TASK PROMPT: For the string "name", find every matching line in the records and copy it.

(Stored items)
◇ ◇ ◇ ◇ ◇ ◇ ◇
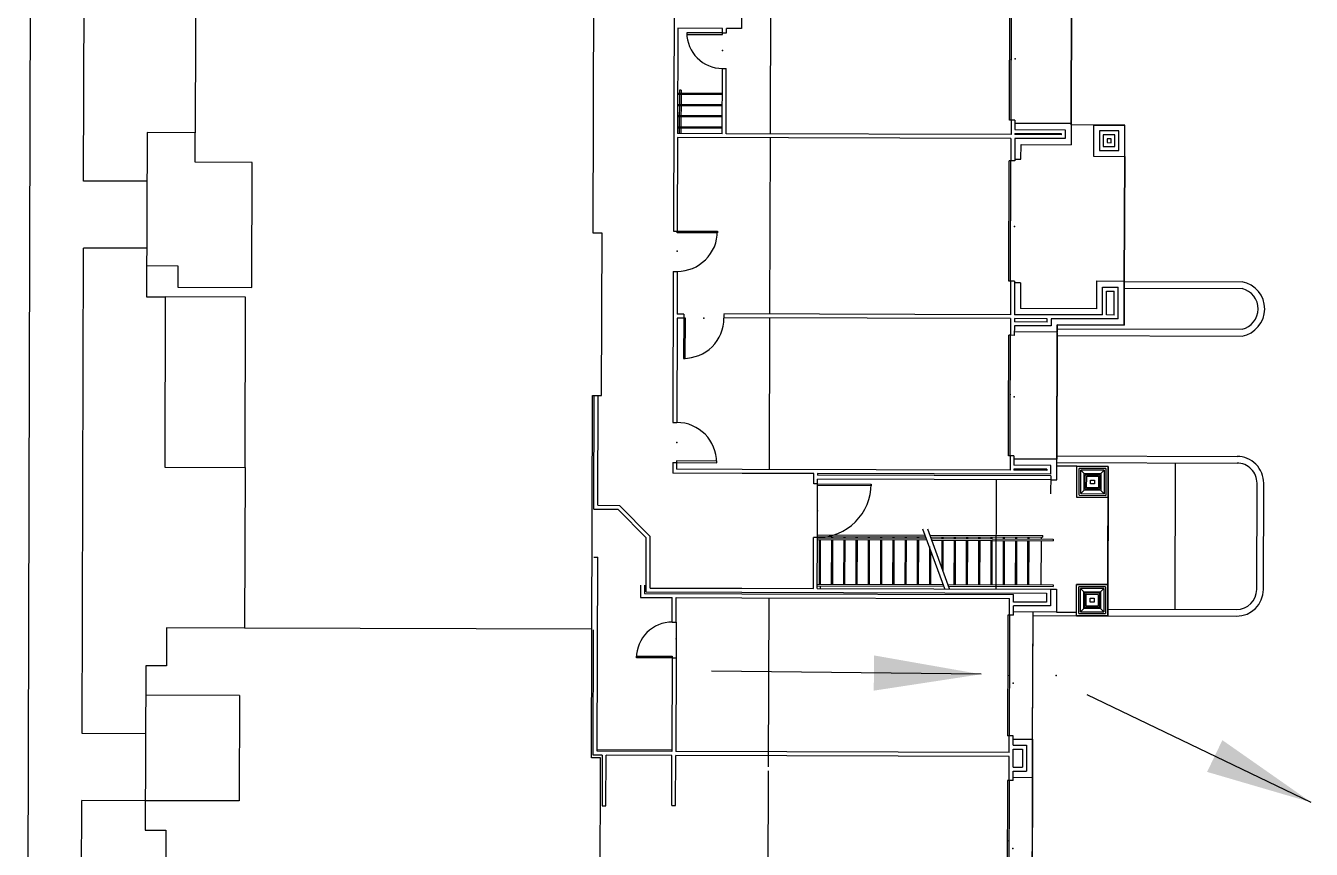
# Model space of a CAD drawing. Header units: feet. Extents: x 26064 to 27719, y 16802 to 28989.
# Drawn here: x 27077.5 to 27173.5, y 17752.7 to 17814.2 of the extents above; entities that cross this region are included whole.
import ezdxf

# ---------------------------------------------------------------- set-up
doc = ezdxf.new("R2010")
doc.units = ezdxf.units.FT
doc.header["$LTSCALE"] = 50
doc.header["$MEASUREMENT"] = 0
doc.header["$PDSIZE"] = -0.5
for name, color, linetype in [('BUILDING-INTERIOR', 251, 'Continuous'), ('BUILDINGS', 5, 'Continuous'), ('CURB-B', 4, 'Continuous'), ('CURB-F', 32, 'Continuous'), ('SD-STRUCTURE', 6, 'Continuous'), ('SIDEWALK', 9, 'Continuous')]:
    doc.layers.add(name, color=color, linetype=linetype)
doc.styles.add('ls80', font='simplex', dxfattribs={"oblique": 15, "height": 4})
doc.dimstyles.new('dim', dxfattribs={"dimtxt": 0.18, "dimasz": 0.16, "dimexe": 0.0625, "dimexo": 0.0625, "dimgap": 0.03, "dimtad": 3, "dimdec": 4, "dimzin": 0, "dimdsep": 46, "dimtxsty": 'ls80', "dimcen": 0.09, "dimclrd": 256, "dimclre": 256, "dimclrt": 256, "dimaunit": 1, "dimadec": 4, "dimazin": 0, "dimtfac": 1, "dimtdec": 4, "dimtofl": 0, "dimtmove": 2, "dimatfit": 3, "dimfxl": 0, "dimtolj": 1, "dimtzin": 0, "dimlwd": -1, "dimlwe": -1, "dimarcsym": 0})

msp = doc.modelspace()

# ---------------------------------------------------------------- linework, layer by layer
at = {"layer": 'BUILDING-INTERIOR', "color": 7, "ltscale": 12}
for p, q in [((27125.89524, 17817.80484), (27125.84006, 17798.89543)), ((27130.93364, 17817.33198), (27130.92403, 17814.04162)), ((27133.09946, 17817.32568), (27133.06688, 17806.16337)), ((27150.93817, 17807.19407), (27150.96443, 17816.19063)), ((27151.06313, 17807.1937), (27151.08938, 17816.19027)), ((27155.58839, 17816.42704), (27155.56068, 17806.93098)), ((27126.17586, 17814.05543), (27126.15288, 17806.18357)), ((27129.50792, 17814.04573), (27126.17587, 17814.05543)), ((27126.8413, 17813.72028), (27126.84094, 17813.59533)), ((27126.84094, 17813.59533), (27129.50658, 17813.58755)), ((27129.50694, 17813.7125), (27126.8413, 17813.72028)), ((27129.50658, 17813.58755), (27129.50694, 17813.7125)), ((27129.50694, 17813.7125), (27129.50792, 17814.04573)), ((27129.50694, 17813.7125), (27129.7985, 17813.71165)), ((27129.7985, 17813.71165), (27129.79947, 17814.04488)), ((27130.92403, 17814.04162), (27129.79947, 17814.04488)), ((27129.48492, 17806.17383), (27129.49915, 17811.04686)), ((27129.49915, 17811.04686), (27129.79071, 17811.04601)), ((27129.77648, 17806.17297), (27129.79071, 17811.04601)), ((27126.28732, 17809.43185), (27126.27784, 17806.18321)), ((27126.41227, 17809.43148), (27126.28732, 17809.43185)), ((27126.41227, 17809.43148), (27126.40279, 17806.18284)), ((27129.49369, 17809.17258), (27126.16162, 17809.18231)), ((27129.48882, 17807.50655), (27126.15676, 17807.51628)), ((27129.49126, 17808.33957), (27126.15919, 17808.34929)), ((27129.48639, 17806.67354), (27126.15433, 17806.68327)), ((27151.06313, 17807.1937), (27150.93817, 17807.19407)), ((27151.06313, 17807.1937), (27151.05996, 17806.11087)), ((27151.35468, 17807.19285), (27151.06313, 17807.1937)), ((27151.35468, 17807.19285), (27151.35261, 17806.4848)), ((27155.56068, 17806.93098), (27151.35395, 17806.94325)), ((27155.56068, 17806.93098), (27155.55606, 17805.34805)), ((27157.2264, 17806.82175), (27155.56037, 17806.82661)), ((27157.2264, 17806.82175), (27157.21959, 17804.48932)), ((27157.2264, 17806.82175), (27159.55884, 17806.81494)), ((27159.55203, 17804.48251), (27159.55884, 17806.81494)), ((27090.11846, 17804.03963), (27090.1249, 17806.24712)), ((27126.15203, 17805.89204), (27126.13161, 17798.89458)), ((27151.05911, 17805.81932), (27126.15203, 17805.89204)), ((27129.48492, 17806.17383), (27126.15288, 17806.18357)), ((27151.05996, 17806.11086), (27129.77648, 17806.17297)), ((27133.06603, 17805.87186), (27133.02762, 17792.71023)), ((27151.05911, 17805.81931), (27151.05425, 17804.1533)), ((27151.35067, 17805.81847), (27151.34581, 17804.15245)), ((27155.09924, 17805.80754), (27151.35067, 17805.81848)), ((27151.35176, 17806.19324), (27151.35152, 17806.11003)), ((27154.80853, 17806.09993), (27151.35153, 17806.11002)), ((27151.35176, 17806.19324), (27154.80878, 17806.18327)), ((27151.35261, 17806.4848), (27155.10118, 17806.47399)), ((27154.80878, 17806.18327), (27154.80853, 17806.09993)), ((27155.10118, 17806.47399), (27155.09924, 17805.80754)), ((27157.66237, 17806.38314), (27157.65833, 17804.92528)), ((27159.12023, 17806.37889), (27157.66237, 17806.38314)), ((27157.95312, 17806.09074), (27157.95069, 17805.21601)), ((27158.82782, 17806.08819), (27157.95312, 17806.09074)), ((27158.24386, 17805.79833), (27158.24305, 17805.50675)), ((27158.53542, 17805.79748), (27158.24386, 17805.79833)), ((27158.53456, 17805.50593), (27158.53542, 17805.79748)), ((27158.82527, 17805.21355), (27158.82782, 17806.08819)), ((27159.11597, 17804.92118), (27159.12023, 17806.37889)), ((27151.80433, 17804.27606), (27151.80749, 17805.35899)), ((27151.80749, 17805.35899), (27155.55606, 17805.34805)), ((27157.65833, 17804.92528), (27159.11597, 17804.92118)), ((27157.95069, 17805.21601), (27158.82527, 17805.21355)), ((27158.24305, 17805.50675), (27158.53456, 17805.50593)), ((27094.36682, 17804.02723), (27090.11846, 17804.03963)), ((27094.33959, 17794.69748), (27094.36682, 17804.02723)), ((27150.90304, 17795.15712), (27150.9293, 17804.15366)), ((27151.05425, 17804.1533), (27150.9293, 17804.15366)), ((27151.02799, 17795.15675), (27151.05425, 17804.1533)), ((27151.34581, 17804.15245), (27151.05425, 17804.1533)), ((27151.34617, 17804.2774), (27151.80433, 17804.27606)), ((27157.21959, 17804.48932), (27159.55203, 17804.48251)), ((27159.55203, 17804.48251), (27159.52486, 17795.17358)), ((27125.84006, 17798.89543), (27126.13161, 17798.89458)), ((27126.13124, 17798.76963), (27126.13161, 17798.89458)), ((27126.13161, 17798.89458), (27129.13046, 17798.88583)), ((27129.13046, 17798.88583), (27129.13009, 17798.76088)), ((27129.13009, 17798.76088), (27126.13124, 17798.76963)), ((27086.49313, 17796.32395), (27088.82557, 17796.31715)), ((27088.82557, 17796.31715), (27088.82089, 17794.71359)), ((27125.8313, 17795.89659), (27125.79836, 17784.60927)), ((27125.8313, 17795.89659), (27126.12286, 17795.89574)), ((27126.12286, 17795.89574), (27126.1135, 17792.68864)), ((27151.02799, 17795.15675), (27150.90304, 17795.15712)), ((27151.02799, 17795.15675), (27151.0207, 17792.65771)), ((27151.31955, 17795.1559), (27151.02799, 17795.15675)), ((27151.31955, 17795.1559), (27151.31226, 17792.65685)), ((27151.77734, 17795.02961), (27151.31918, 17795.03095)), ((27151.77734, 17795.02961), (27151.77175, 17793.11368)), ((27157.44229, 17795.17966), (27157.43621, 17793.09715)), ((27157.44229, 17795.17966), (27159.52482, 17795.17358)), ((27159.52482, 17795.17358), (27159.51522, 17791.88324)), ((27088.82089, 17794.71359), (27094.33959, 17794.69748)), ((27157.89303, 17792.63766), (27157.89911, 17794.72016)), ((27157.89911, 17794.72016), (27159.06532, 17794.71671)), ((27158.18458, 17792.63681), (27158.18981, 17794.42774)), ((27158.18981, 17794.42774), (27158.77292, 17794.42602)), ((27158.76769, 17792.6351), (27158.77292, 17794.42602)), ((27159.05839, 17792.34273), (27159.06532, 17794.7167)), ((27093.87931, 17793.96993), (27087.8816, 17793.98744)), ((27093.84217, 17781.24566), (27093.87931, 17793.96993)), ((27157.43621, 17793.09715), (27151.77175, 17793.11368)), ((27126.11265, 17792.39708), (27126.08991, 17784.60842)), ((27126.61245, 17792.39562), (27126.11265, 17792.39708)), ((27126.6133, 17792.68718), (27126.1135, 17792.68864)), ((27126.61245, 17792.39562), (27126.6037, 17789.39678)), ((27126.6133, 17792.68718), (27126.61245, 17792.39562)), ((27126.73741, 17792.39526), (27126.61245, 17792.39562)), ((27126.72865, 17789.39641), (27126.73741, 17792.39526)), ((27129.61214, 17792.67842), (27129.61129, 17792.38687)), ((27151.01985, 17792.36616), (27129.61141, 17792.42864)), ((27151.0207, 17792.65771), (27129.61227, 17792.7202)), ((27133.02677, 17792.41867), (27132.99369, 17781.08958)), ((27151.01985, 17792.36616), (27151.0162, 17791.11664)), ((27151.31141, 17792.3653), (27151.31068, 17792.11534)), ((27153.76803, 17792.10817), (27151.31068, 17792.11534)), ((27153.76876, 17792.35814), (27151.31141, 17792.3653)), ((27157.89303, 17792.63766), (27151.31226, 17792.65685)), ((27153.76803, 17792.10817), (27153.76876, 17792.35813)), ((27154.06032, 17792.3574), (27154.05874, 17791.81577)), ((27159.05839, 17792.34273), (27154.06032, 17792.35729)), ((27158.76769, 17792.6351), (27158.18458, 17792.63681)), ((27151.30983, 17791.82379), (27151.30776, 17791.11579)), ((27154.51556, 17791.35627), (27151.30849, 17791.36563)), ((27154.05874, 17791.81577), (27151.30983, 17791.82379)), ((27154.51544, 17791.31462), (27154.48784, 17781.85998)), ((27154.51714, 17791.89782), (27154.51556, 17791.35627)), ((27159.51522, 17791.88324), (27154.51714, 17791.89782)), ((27150.87159, 17784.38012), (27150.89125, 17791.11701)), ((27151.0162, 17791.11664), (27150.89125, 17791.11701)), ((27150.99654, 17784.37976), (27151.0162, 17791.11664)), ((27151.30776, 17791.11579), (27151.0162, 17791.11664)), ((27126.6037, 17789.39678), (27126.72865, 17789.39641)), ((27119.90661, 17778.12907), (27119.93141, 17786.62579)), ((27120.19901, 17778.41977), (27120.22296, 17786.62494)), ((27125.79837, 17784.60927), (27126.08992, 17784.60842)), ((27150.86499, 17782.1205), (27150.87159, 17784.38012)), ((27150.98995, 17782.12014), (27150.99654, 17784.37976)), ((27125.78961, 17781.61042), (27125.7873, 17780.81922)), ((27125.78961, 17781.61042), (27126.08117, 17781.60957)), ((27126.08116, 17781.60957), (27126.0797, 17781.10976)), ((27126.08153, 17781.73452), (27126.08117, 17781.60957)), ((27126.08117, 17781.60957), (27129.08002, 17781.60082)), ((27129.08038, 17781.72577), (27126.08153, 17781.73452)), ((27129.08002, 17781.60082), (27129.08038, 17781.72577)), ((27150.98995, 17782.12014), (27150.86499, 17782.1205)), ((27150.98995, 17782.12014), (27150.98679, 17781.03712)), ((27151.2815, 17782.11929), (27150.98995, 17782.12014)), ((27151.2815, 17782.11929), (27151.27943, 17781.41119)), ((27154.48784, 17781.85998), (27151.28077, 17781.86934)), ((27154.48334, 17780.31884), (27154.48784, 17781.85998)), ((27130.97132, 17780.80393), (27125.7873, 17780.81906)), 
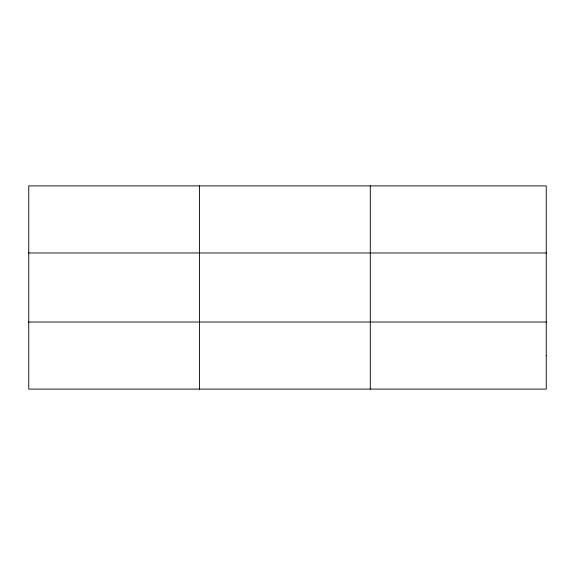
<?xml version="1.0" encoding="UTF-8"?>
<svg xmlns="http://www.w3.org/2000/svg" width="575" height="575" viewBox="0 0 575 575"><rect width="100%" height="100%" fill="white"/><g stroke="black" fill="none" stroke-linecap="round" stroke-linejoin="round"><path stroke-width="0.86" d="M199.525 185.897L199.525 389.103M370.3 185.897L370.3 389.103M28.75 252.957L546.25 252.957M28.75 322.043L546.25 322.043M546.25 355.573L546.25 389.103L28.75 389.103L28.75 185.897L546.25 185.897L546.25 355.573"/></g></svg>
◇ ◇ ◇ ◇ ◇ ◇ ◇
RESULT OF THIS TASK:
for name, color, linetype in [('BUILDING-INTERIOR', 251, 'Continuous'), ('BUILDINGS', 5, 'Continuous'), ('CURB-B', 4, 'Continuous'), ('CURB-F', 32, 'Continuous'), ('SD-STRUCTURE', 6, 'Continuous'), ('SIDEWALK', 9, 'Continuous')]:
    doc.layers.add(name, color=color, linetype=linetype)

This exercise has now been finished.